Exercise details: Answer with only the number of lines below where "vínculo" appears.

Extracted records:
────────────────────
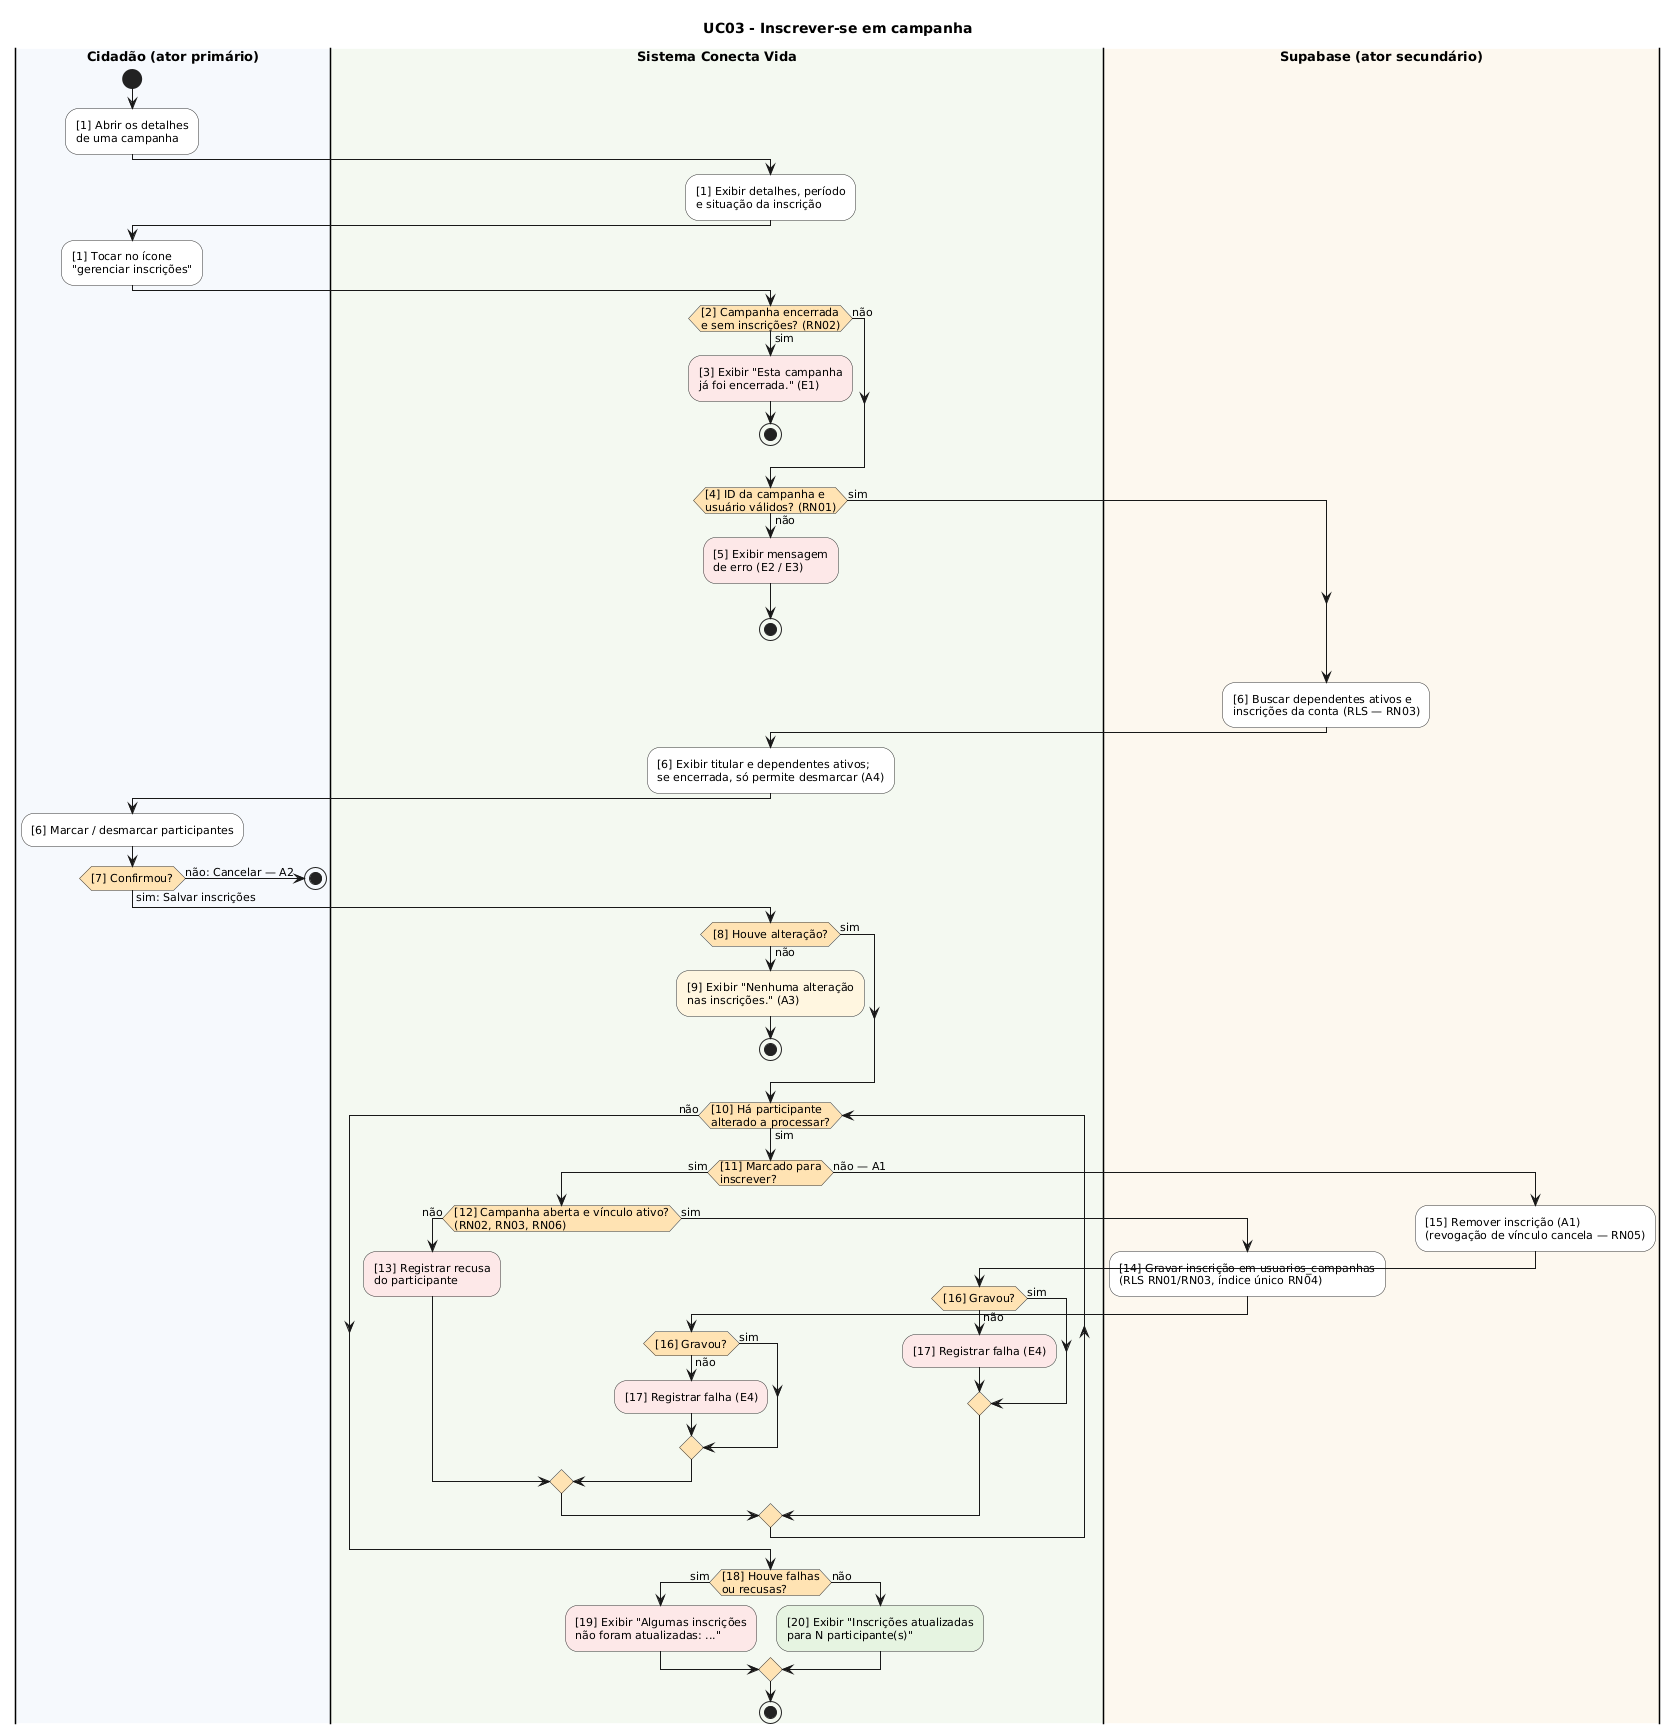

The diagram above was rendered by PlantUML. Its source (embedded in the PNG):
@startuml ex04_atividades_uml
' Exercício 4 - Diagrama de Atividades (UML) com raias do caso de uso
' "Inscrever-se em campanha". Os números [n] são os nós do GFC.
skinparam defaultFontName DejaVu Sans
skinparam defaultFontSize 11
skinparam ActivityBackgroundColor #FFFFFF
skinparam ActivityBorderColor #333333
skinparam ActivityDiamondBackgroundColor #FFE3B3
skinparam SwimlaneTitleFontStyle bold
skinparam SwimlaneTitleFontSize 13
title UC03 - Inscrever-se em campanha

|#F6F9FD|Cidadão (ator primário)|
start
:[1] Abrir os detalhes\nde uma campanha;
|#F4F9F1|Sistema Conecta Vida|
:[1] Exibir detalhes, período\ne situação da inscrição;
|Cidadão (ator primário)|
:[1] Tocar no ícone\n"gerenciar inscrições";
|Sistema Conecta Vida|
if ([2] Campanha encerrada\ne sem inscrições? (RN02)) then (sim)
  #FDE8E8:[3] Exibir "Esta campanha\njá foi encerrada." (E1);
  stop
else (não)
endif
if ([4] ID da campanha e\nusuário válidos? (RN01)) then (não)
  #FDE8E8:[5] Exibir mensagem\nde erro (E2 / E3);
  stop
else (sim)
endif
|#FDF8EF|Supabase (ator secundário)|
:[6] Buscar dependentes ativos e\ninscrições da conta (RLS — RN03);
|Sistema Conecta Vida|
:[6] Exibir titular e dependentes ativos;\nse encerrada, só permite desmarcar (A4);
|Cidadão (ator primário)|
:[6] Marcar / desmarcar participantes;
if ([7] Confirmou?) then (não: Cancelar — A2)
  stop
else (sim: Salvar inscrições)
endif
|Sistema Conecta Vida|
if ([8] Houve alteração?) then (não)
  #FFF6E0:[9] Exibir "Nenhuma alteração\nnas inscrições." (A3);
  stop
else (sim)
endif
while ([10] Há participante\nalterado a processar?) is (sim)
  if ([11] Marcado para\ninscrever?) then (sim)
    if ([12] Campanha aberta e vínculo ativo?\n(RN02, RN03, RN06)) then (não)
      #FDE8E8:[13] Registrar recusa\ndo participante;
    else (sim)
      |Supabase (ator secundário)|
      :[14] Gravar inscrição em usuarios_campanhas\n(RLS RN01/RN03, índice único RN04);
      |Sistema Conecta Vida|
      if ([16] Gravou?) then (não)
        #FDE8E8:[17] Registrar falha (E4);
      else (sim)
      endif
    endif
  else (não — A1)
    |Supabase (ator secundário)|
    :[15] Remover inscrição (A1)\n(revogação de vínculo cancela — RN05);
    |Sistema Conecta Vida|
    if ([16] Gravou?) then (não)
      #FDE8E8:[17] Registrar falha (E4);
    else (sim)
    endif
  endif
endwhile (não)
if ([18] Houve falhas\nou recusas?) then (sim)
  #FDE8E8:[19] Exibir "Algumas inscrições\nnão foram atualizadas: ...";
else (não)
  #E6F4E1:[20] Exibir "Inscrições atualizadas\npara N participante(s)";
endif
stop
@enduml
────────────────────
Result of this task: 2